“Sometimes you’re the windshield, Sometimes you’re the bug…”
I was listening to an older acquaintance chuckle as he told me about a scam he’d gotten caught up in. He understood what had happened and how it’d happened.
After some research and many phone calls, he’d extracted himself from the scam and was a few hundred dollars poorer because of it.
He told me that in retrospect he realized that the whole mess was less about him being stupid, than about the scam being slick and sophisticated, taking advantage of his trusting nature + his unfamiliarity with certain details.
No surprise there, eh?
But what struck me about this conversation, that was more like a monologue, was that this older gentleman telling me this story wasn’t bitter about what had happened. There was not one ounce of “I’m a victim” or “I blame _____” going on with this guy.

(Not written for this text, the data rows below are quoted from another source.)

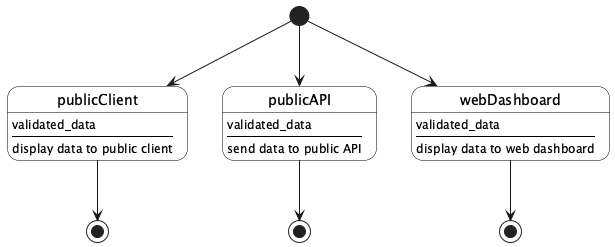

The diagram above was rendered by PlantUML. Its source (embedded in the PNG):
@startuml

skinparam State {
  BackgroundColor white
  BorderColor black
}

state end1 <<end>>
state end2 <<end>>
state end3 <<end>>

[*] --> publicClient
publicClient : validated_data
publicClient : ----
publicClient : display data to public client
publicClient --> end1

[*] --> publicAPI
publicAPI : validated_data
publicAPI : ----
publicAPI : send data to public API
publicAPI --> end2

[*] --> webDashboard
webDashboard : validated_data
webDashboard : ----
webDashboard : display data to web dashboard
webDashboard --> end3

@enduml
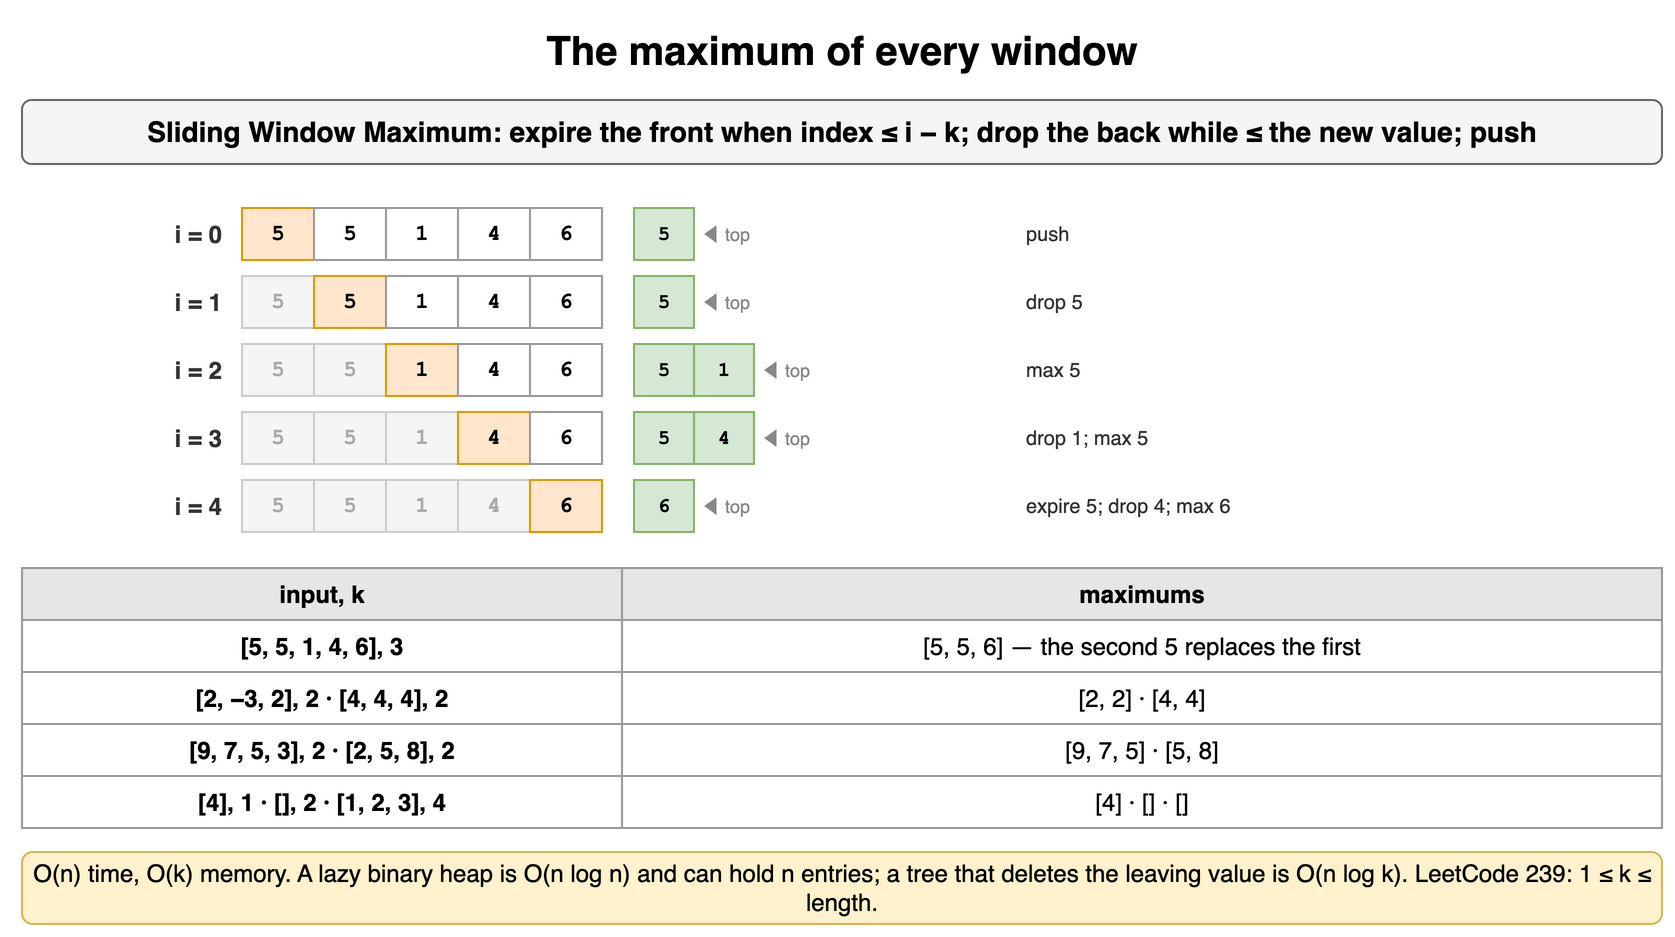

The diagram above was exported from draw.io. Its source (the exported page's mxGraphModel, read from the mxfile embedded in the PNG):
<mxGraphModel dx="900" dy="476" grid="1" gridSize="10" guides="1" tooltips="1" connect="1" arrows="1" fold="1" page="1" pageScale="1" pageWidth="900" pageHeight="476" math="0" shadow="0">
  <root>
    <mxCell id="0" />
    <mxCell id="1" parent="0" />
    <mxCell id="s111" value="The maximum of every window" style="text;html=1;align=center;verticalAlign=middle;whiteSpace=wrap;fontSize=20;fontStyle=1;" vertex="1" parent="1">
      <mxGeometry x="40" y="10" width="820" height="30" as="geometry" />
    </mxCell>
    <mxCell id="s112" value="Sliding Window Maximum: expire the front when index ≤ i − k; drop the back while ≤ the new value; push" style="rounded=1;whiteSpace=wrap;html=1;fillColor=#f5f5f5;strokeColor=#666666;fontStyle=1;fontSize=14;" vertex="1" parent="1">
      <mxGeometry x="40" y="50" width="820" height="32" as="geometry" />
    </mxCell>
    <mxCell id="s113" value="5" style="rounded=0;whiteSpace=wrap;html=1;fontFamily=Courier New;fontStyle=1;fontSize=13;fillColor=#ffe6cc;strokeColor=#d79b00;fontSize=11;" vertex="1" parent="1">
      <mxGeometry x="150" y="104" width="36" height="26" as="geometry" />
    </mxCell>
    <mxCell id="s114" value="5" style="rounded=0;whiteSpace=wrap;html=1;fontFamily=Courier New;fontStyle=1;fontSize=13;fillColor=#ffffff;strokeColor=#999999;fontSize=11;" vertex="1" parent="1">
      <mxGeometry x="186" y="104" width="36" height="26" as="geometry" />
    </mxCell>
    <mxCell id="s115" value="1" style="rounded=0;whiteSpace=wrap;html=1;fontFamily=Courier New;fontStyle=1;fontSize=13;fillColor=#ffffff;strokeColor=#999999;fontSize=11;" vertex="1" parent="1">
      <mxGeometry x="222" y="104" width="36" height="26" as="geometry" />
    </mxCell>
    <mxCell id="s116" value="4" style="rounded=0;whiteSpace=wrap;html=1;fontFamily=Courier New;fontStyle=1;fontSize=13;fillColor=#ffffff;strokeColor=#999999;fontSize=11;" vertex="1" parent="1">
      <mxGeometry x="258" y="104" width="36" height="26" as="geometry" />
    </mxCell>
    <mxCell id="s117" value="6" style="rounded=0;whiteSpace=wrap;html=1;fontFamily=Courier New;fontStyle=1;fontSize=13;fillColor=#ffffff;strokeColor=#999999;fontSize=11;" vertex="1" parent="1">
      <mxGeometry x="294" y="104" width="36" height="26" as="geometry" />
    </mxCell>
    <mxCell id="s118" value="i = 0" style="text;html=1;whiteSpace=wrap;fontSize=11;align=right;verticalAlign=middle;fontSize=12;fontColor=#333333;fontStyle=1;" vertex="1" parent="1">
      <mxGeometry x="62" y="104" width="80" height="26" as="geometry" />
    </mxCell>
    <mxCell id="s119" value="5" style="rounded=0;whiteSpace=wrap;html=1;fontFamily=Courier New;fontStyle=1;fontSize=13;fillColor=#d5e8d4;strokeColor=#82b366;fontSize=10;" vertex="1" parent="1">
      <mxGeometry x="346" y="104" width="30" height="26" as="geometry" />
    </mxCell>
    <mxCell id="s1110" value="◀ top" style="text;html=1;whiteSpace=wrap;fontSize=11;align=left;verticalAlign=middle;fontSize=9;fontColor=#888888;" vertex="1" parent="1">
      <mxGeometry x="378" y="104" width="44" height="26" as="geometry" />
    </mxCell>
    <mxCell id="s1111" value="push" style="text;html=1;whiteSpace=wrap;fontSize=11;align=left;verticalAlign=middle;fontSize=10;fontColor=#333333;" vertex="1" parent="1">
      <mxGeometry x="540" y="104" width="320" height="26" as="geometry" />
    </mxCell>
    <mxCell id="s1112" value="5" style="rounded=0;whiteSpace=wrap;html=1;fontFamily=Courier New;fontStyle=1;fontSize=13;fillColor=#f5f5f5;strokeColor=#cccccc;fontSize=11;fontColor=#aaaaaa;" vertex="1" parent="1">
      <mxGeometry x="150" y="138" width="36" height="26" as="geometry" />
    </mxCell>
    <mxCell id="s1113" value="5" style="rounded=0;whiteSpace=wrap;html=1;fontFamily=Courier New;fontStyle=1;fontSize=13;fillColor=#ffe6cc;strokeColor=#d79b00;fontSize=11;" vertex="1" parent="1">
      <mxGeometry x="186" y="138" width="36" height="26" as="geometry" />
    </mxCell>
    <mxCell id="s1114" value="1" style="rounded=0;whiteSpace=wrap;html=1;fontFamily=Courier New;fontStyle=1;fontSize=13;fillColor=#ffffff;strokeColor=#999999;fontSize=11;" vertex="1" parent="1">
      <mxGeometry x="222" y="138" width="36" height="26" as="geometry" />
    </mxCell>
    <mxCell id="s1115" value="4" style="rounded=0;whiteSpace=wrap;html=1;fontFamily=Courier New;fontStyle=1;fontSize=13;fillColor=#ffffff;strokeColor=#999999;fontSize=11;" vertex="1" parent="1">
      <mxGeometry x="258" y="138" width="36" height="26" as="geometry" />
    </mxCell>
    <mxCell id="s1116" value="6" style="rounded=0;whiteSpace=wrap;html=1;fontFamily=Courier New;fontStyle=1;fontSize=13;fillColor=#ffffff;strokeColor=#999999;fontSize=11;" vertex="1" parent="1">
      <mxGeometry x="294" y="138" width="36" height="26" as="geometry" />
    </mxCell>
    <mxCell id="s1117" value="i = 1" style="text;html=1;whiteSpace=wrap;fontSize=11;align=right;verticalAlign=middle;fontSize=12;fontColor=#333333;fontStyle=1;" vertex="1" parent="1">
      <mxGeometry x="62" y="138" width="80" height="26" as="geometry" />
    </mxCell>
    <mxCell id="s1118" value="5" style="rounded=0;whiteSpace=wrap;html=1;fontFamily=Courier New;fontStyle=1;fontSize=13;fillColor=#d5e8d4;strokeColor=#82b366;fontSize=10;" vertex="1" parent="1">
      <mxGeometry x="346" y="138" width="30" height="26" as="geometry" />
    </mxCell>
    <mxCell id="s1119" value="◀ top" style="text;html=1;whiteSpace=wrap;fontSize=11;align=left;verticalAlign=middle;fontSize=9;fontColor=#888888;" vertex="1" parent="1">
      <mxGeometry x="378" y="138" width="44" height="26" as="geometry" />
    </mxCell>
    <mxCell id="s1120" value="drop 5" style="text;html=1;whiteSpace=wrap;fontSize=11;align=left;verticalAlign=middle;fontSize=10;fontColor=#333333;" vertex="1" parent="1">
      <mxGeometry x="540" y="138" width="320" height="26" as="geometry" />
    </mxCell>
    <mxCell id="s1121" value="5" style="rounded=0;whiteSpace=wrap;html=1;fontFamily=Courier New;fontStyle=1;fontSize=13;fillColor=#f5f5f5;strokeColor=#cccccc;fontSize=11;fontColor=#aaaaaa;" vertex="1" parent="1">
      <mxGeometry x="150" y="172" width="36" height="26" as="geometry" />
    </mxCell>
    <mxCell id="s1122" value="5" style="rounded=0;whiteSpace=wrap;html=1;fontFamily=Courier New;fontStyle=1;fontSize=13;fillColor=#f5f5f5;strokeColor=#cccccc;fontSize=11;fontColor=#aaaaaa;" vertex="1" parent="1">
      <mxGeometry x="186" y="172" width="36" height="26" as="geometry" />
    </mxCell>
    <mxCell id="s1123" value="1" style="rounded=0;whiteSpace=wrap;html=1;fontFamily=Courier New;fontStyle=1;fontSize=13;fillColor=#ffe6cc;strokeColor=#d79b00;fontSize=11;" vertex="1" parent="1">
      <mxGeometry x="222" y="172" width="36" height="26" as="geometry" />
    </mxCell>
    <mxCell id="s1124" value="4" style="rounded=0;whiteSpace=wrap;html=1;fontFamily=Courier New;fontStyle=1;fontSize=13;fillColor=#ffffff;strokeColor=#999999;fontSize=11;" vertex="1" parent="1">
      <mxGeometry x="258" y="172" width="36" height="26" as="geometry" />
    </mxCell>
    <mxCell id="s1125" value="6" style="rounded=0;whiteSpace=wrap;html=1;fontFamily=Courier New;fontStyle=1;fontSize=13;fillColor=#ffffff;strokeColor=#999999;fontSize=11;" vertex="1" parent="1">
      <mxGeometry x="294" y="172" width="36" height="26" as="geometry" />
    </mxCell>
    <mxCell id="s1126" value="i = 2" style="text;html=1;whiteSpace=wrap;fontSize=11;align=right;verticalAlign=middle;fontSize=12;fontColor=#333333;fontStyle=1;" vertex="1" parent="1">
      <mxGeometry x="62" y="172" width="80" height="26" as="geometry" />
    </mxCell>
    <mxCell id="s1127" value="5" style="rounded=0;whiteSpace=wrap;html=1;fontFamily=Courier New;fontStyle=1;fontSize=13;fillColor=#d5e8d4;strokeColor=#82b366;fontSize=10;" vertex="1" parent="1">
      <mxGeometry x="346" y="172" width="30" height="26" as="geometry" />
    </mxCell>
    <mxCell id="s1128" value="1" style="rounded=0;whiteSpace=wrap;html=1;fontFamily=Courier New;fontStyle=1;fontSize=13;fillColor=#d5e8d4;strokeColor=#82b366;fontSize=10;" vertex="1" parent="1">
      <mxGeometry x="376" y="172" width="30" height="26" as="geometry" />
    </mxCell>
    <mxCell id="s1129" value="◀ top" style="text;html=1;whiteSpace=wrap;fontSize=11;align=left;verticalAlign=middle;fontSize=9;fontColor=#888888;" vertex="1" parent="1">
      <mxGeometry x="408" y="172" width="44" height="26" as="geometry" />
    </mxCell>
    <mxCell id="s1130" value="max 5" style="text;html=1;whiteSpace=wrap;fontSize=11;align=left;verticalAlign=middle;fontSize=10;fontColor=#333333;" vertex="1" parent="1">
      <mxGeometry x="540" y="172" width="320" height="26" as="geometry" />
    </mxCell>
    <mxCell id="s1131" value="5" style="rounded=0;whiteSpace=wrap;html=1;fontFamily=Courier New;fontStyle=1;fontSize=13;fillColor=#f5f5f5;strokeColor=#cccccc;fontSize=11;fontColor=#aaaaaa;" vertex="1" parent="1">
      <mxGeometry x="150" y="206" width="36" height="26" as="geometry" />
    </mxCell>
    <mxCell id="s1132" value="5" style="rounded=0;whiteSpace=wrap;html=1;fontFamily=Courier New;fontStyle=1;fontSize=13;fillColor=#f5f5f5;strokeColor=#cccccc;fontSize=11;fontColor=#aaaaaa;" vertex="1" parent="1">
      <mxGeometry x="186" y="206" width="36" height="26" as="geometry" />
    </mxCell>
    <mxCell id="s1133" value="1" style="rounded=0;whiteSpace=wrap;html=1;fontFamily=Courier New;fontStyle=1;fontSize=13;fillColor=#f5f5f5;strokeColor=#cccccc;fontSize=11;fontColor=#aaaaaa;" vertex="1" parent="1">
      <mxGeometry x="222" y="206" width="36" height="26" as="geometry" />
    </mxCell>
    <mxCell id="s1134" value="4" style="rounded=0;whiteSpace=wrap;html=1;fontFamily=Courier New;fontStyle=1;fontSize=13;fillColor=#ffe6cc;strokeColor=#d79b00;fontSize=11;" vertex="1" parent="1">
      <mxGeometry x="258" y="206" width="36" height="26" as="geometry" />
    </mxCell>
    <mxCell id="s1135" value="6" style="rounded=0;whiteSpace=wrap;html=1;fontFamily=Courier New;fontStyle=1;fontSize=13;fillColor=#ffffff;strokeColor=#999999;fontSize=11;" vertex="1" parent="1">
      <mxGeometry x="294" y="206" width="36" height="26" as="geometry" />
    </mxCell>
    <mxCell id="s1136" value="i = 3" style="text;html=1;whiteSpace=wrap;fontSize=11;align=right;verticalAlign=middle;fontSize=12;fontColor=#333333;fontStyle=1;" vertex="1" parent="1">
      <mxGeometry x="62" y="206" width="80" height="26" as="geometry" />
    </mxCell>
    <mxCell id="s1137" value="5" style="rounded=0;whiteSpace=wrap;html=1;fontFamily=Courier New;fontStyle=1;fontSize=13;fillColor=#d5e8d4;strokeColor=#82b366;fontSize=10;" vertex="1" parent="1">
      <mxGeometry x="346" y="206" width="30" height="26" as="geometry" />
    </mxCell>
    <mxCell id="s1138" value="4" style="rounded=0;whiteSpace=wrap;html=1;fontFamily=Courier New;fontStyle=1;fontSize=13;fillColor=#d5e8d4;strokeColor=#82b366;fontSize=10;" vertex="1" parent="1">
      <mxGeometry x="376" y="206" width="30" height="26" as="geometry" />
    </mxCell>
    <mxCell id="s1139" value="◀ top" style="text;html=1;whiteSpace=wrap;fontSize=11;align=left;verticalAlign=middle;fontSize=9;fontColor=#888888;" vertex="1" parent="1">
      <mxGeometry x="408" y="206" width="44" height="26" as="geometry" />
    </mxCell>
    <mxCell id="s1140" value="drop 1; max 5" style="text;html=1;whiteSpace=wrap;fontSize=11;align=left;verticalAlign=middle;fontSize=10;fontColor=#333333;" vertex="1" parent="1">
      <mxGeometry x="540" y="206" width="320" height="26" as="geometry" />
    </mxCell>
    <mxCell id="s1141" value="5" style="rounded=0;whiteSpace=wrap;html=1;fontFamily=Courier New;fontStyle=1;fontSize=13;fillColor=#f5f5f5;strokeColor=#cccccc;fontSize=11;fontColor=#aaaaaa;" vertex="1" parent="1">
      <mxGeometry x="150" y="240" width="36" height="26" as="geometry" />
    </mxCell>
    <mxCell id="s1142" value="5" style="rounded=0;whiteSpace=wrap;html=1;fontFamily=Courier New;fontStyle=1;fontSize=13;fillColor=#f5f5f5;strokeColor=#cccccc;fontSize=11;fontColor=#aaaaaa;" vertex="1" parent="1">
      <mxGeometry x="186" y="240" width="36" height="26" as="geometry" />
    </mxCell>
    <mxCell id="s1143" value="1" style="rounded=0;whiteSpace=wrap;html=1;fontFamily=Courier New;fontStyle=1;fontSize=13;fillColor=#f5f5f5;strokeColor=#cccccc;fontSize=11;fontColor=#aaaaaa;" vertex="1" parent="1">
      <mxGeometry x="222" y="240" width="36" height="26" as="geometry" />
    </mxCell>
    <mxCell id="s1144" value="4" style="rounded=0;whiteSpace=wrap;html=1;fontFamily=Courier New;fontStyle=1;fontSize=13;fillColor=#f5f5f5;strokeColor=#cccccc;fontSize=11;fontColor=#aaaaaa;" vertex="1" parent="1">
      <mxGeometry x="258" y="240" width="36" height="26" as="geometry" />
    </mxCell>
    <mxCell id="s1145" value="6" style="rounded=0;whiteSpace=wrap;html=1;fontFamily=Courier New;fontStyle=1;fontSize=13;fillColor=#ffe6cc;strokeColor=#d79b00;fontSize=11;" vertex="1" parent="1">
      <mxGeometry x="294" y="240" width="36" height="26" as="geometry" />
    </mxCell>
    <mxCell id="s1146" value="i = 4" style="text;html=1;whiteSpace=wrap;fontSize=11;align=right;verticalAlign=middle;fontSize=12;fontColor=#333333;fontStyle=1;" vertex="1" parent="1">
      <mxGeometry x="62" y="240" width="80" height="26" as="geometry" />
    </mxCell>
    <mxCell id="s1147" value="6" style="rounded=0;whiteSpace=wrap;html=1;fontFamily=Courier New;fontStyle=1;fontSize=13;fillColor=#d5e8d4;strokeColor=#82b366;fontSize=10;" vertex="1" parent="1">
      <mxGeometry x="346" y="240" width="30" height="26" as="geometry" />
    </mxCell>
    <mxCell id="s1148" value="◀ top" style="text;html=1;whiteSpace=wrap;fontSize=11;align=left;verticalAlign=middle;fontSize=9;fontColor=#888888;" vertex="1" parent="1">
      <mxGeometry x="378" y="240" width="44" height="26" as="geometry" />
    </mxCell>
    <mxCell id="s1149" value="expire 5; drop 4; max 6" style="text;html=1;whiteSpace=wrap;fontSize=11;align=left;verticalAlign=middle;fontSize=10;fontColor=#333333;" vertex="1" parent="1">
      <mxGeometry x="540" y="240" width="320" height="26" as="geometry" />
    </mxCell>
    <mxCell id="s1150" value="input, k" style="whiteSpace=wrap;html=1;fillColor=#e6e6e6;strokeColor=#999999;fontStyle=1;fontSize=12;" vertex="1" parent="1">
      <mxGeometry x="40" y="284" width="300" height="26" as="geometry" />
    </mxCell>
    <mxCell id="s1151" value="maximums" style="whiteSpace=wrap;html=1;fillColor=#e6e6e6;strokeColor=#999999;fontStyle=1;fontSize=12;" vertex="1" parent="1">
      <mxGeometry x="340" y="284" width="520" height="26" as="geometry" />
    </mxCell>
    <mxCell id="s1152" value="[5, 5, 1, 4, 6], 3" style="whiteSpace=wrap;html=1;strokeColor=#999999;fontSize=12;fillColor=#ffffff;fontStyle=1;" vertex="1" parent="1">
      <mxGeometry x="40" y="310" width="300" height="26" as="geometry" />
    </mxCell>
    <mxCell id="s1153" value="[5, 5, 6] — the second 5 replaces the first" style="whiteSpace=wrap;html=1;strokeColor=#999999;fontSize=12;fillColor=#ffffff;" vertex="1" parent="1">
      <mxGeometry x="340" y="310" width="520" height="26" as="geometry" />
    </mxCell>
    <mxCell id="s1154" value="[2, −3, 2], 2 · [4, 4, 4], 2" style="whiteSpace=wrap;html=1;strokeColor=#999999;fontSize=12;fillColor=#ffffff;fontStyle=1;" vertex="1" parent="1">
      <mxGeometry x="40" y="336" width="300" height="26" as="geometry" />
    </mxCell>
    <mxCell id="s1155" value="[2, 2] · [4, 4]" style="whiteSpace=wrap;html=1;strokeColor=#999999;fontSize=12;fillColor=#ffffff;" vertex="1" parent="1">
      <mxGeometry x="340" y="336" width="520" height="26" as="geometry" />
    </mxCell>
    <mxCell id="s1156" value="[9, 7, 5, 3], 2 · [2, 5, 8], 2" style="whiteSpace=wrap;html=1;strokeColor=#999999;fontSize=12;fillColor=#ffffff;fontStyle=1;" vertex="1" parent="1">
      <mxGeometry x="40" y="362" width="300" height="26" as="geometry" />
    </mxCell>
    <mxCell id="s1157" value="[9, 7, 5] · [5, 8]" style="whiteSpace=wrap;html=1;strokeColor=#999999;fontSize=12;fillColor=#ffffff;" vertex="1" parent="1">
      <mxGeometry x="340" y="362" width="520" height="26" as="geometry" />
    </mxCell>
    <mxCell id="s1158" value="[4], 1 · [], 2 · [1, 2, 3], 4" style="whiteSpace=wrap;html=1;strokeColor=#999999;fontSize=12;fillColor=#ffffff;fontStyle=1;" vertex="1" parent="1">
      <mxGeometry x="40" y="388" width="300" height="26" as="geometry" />
    </mxCell>
    <mxCell id="s1159" value="[4] · [] · []" style="whiteSpace=wrap;html=1;strokeColor=#999999;fontSize=12;fillColor=#ffffff;" vertex="1" parent="1">
      <mxGeometry x="340" y="388" width="520" height="26" as="geometry" />
    </mxCell>
    <mxCell id="s1160" value="O(n) time, O(k) memory. A lazy binary heap is O(n log n) and can hold n entries; a tree that deletes the leaving value is O(n log k). LeetCode 239: 1 ≤ k ≤ length." style="rounded=1;whiteSpace=wrap;html=1;fillColor=#fff2cc;strokeColor=#d6b656;fontSize=12;align=center;" vertex="1" parent="1">
      <mxGeometry x="40" y="426" width="820" height="36" as="geometry" />
    </mxCell>
  </root>
</mxGraphModel>

Instead, he was telling his story as a cautionary tale. All he needed was for someone to listen and understand his predicament– and for someone to tell him that he “done good” solving the problem himself.
All of which got me thinking…
When was the last time you were part of a conversation like this one? SERIOUSLY, when did you last listen to someone who had been taken advantage of– and who wasn’t whining and emoting about the unfairness of it all?
Someone who was behaving like an adult who grasped the fact that in the rhythm of life not everything works out as planned– and that’s ok, too, because if you’re smart, you learn from it and move on.
Like this older gentleman did, in his quiet self-deprecating way.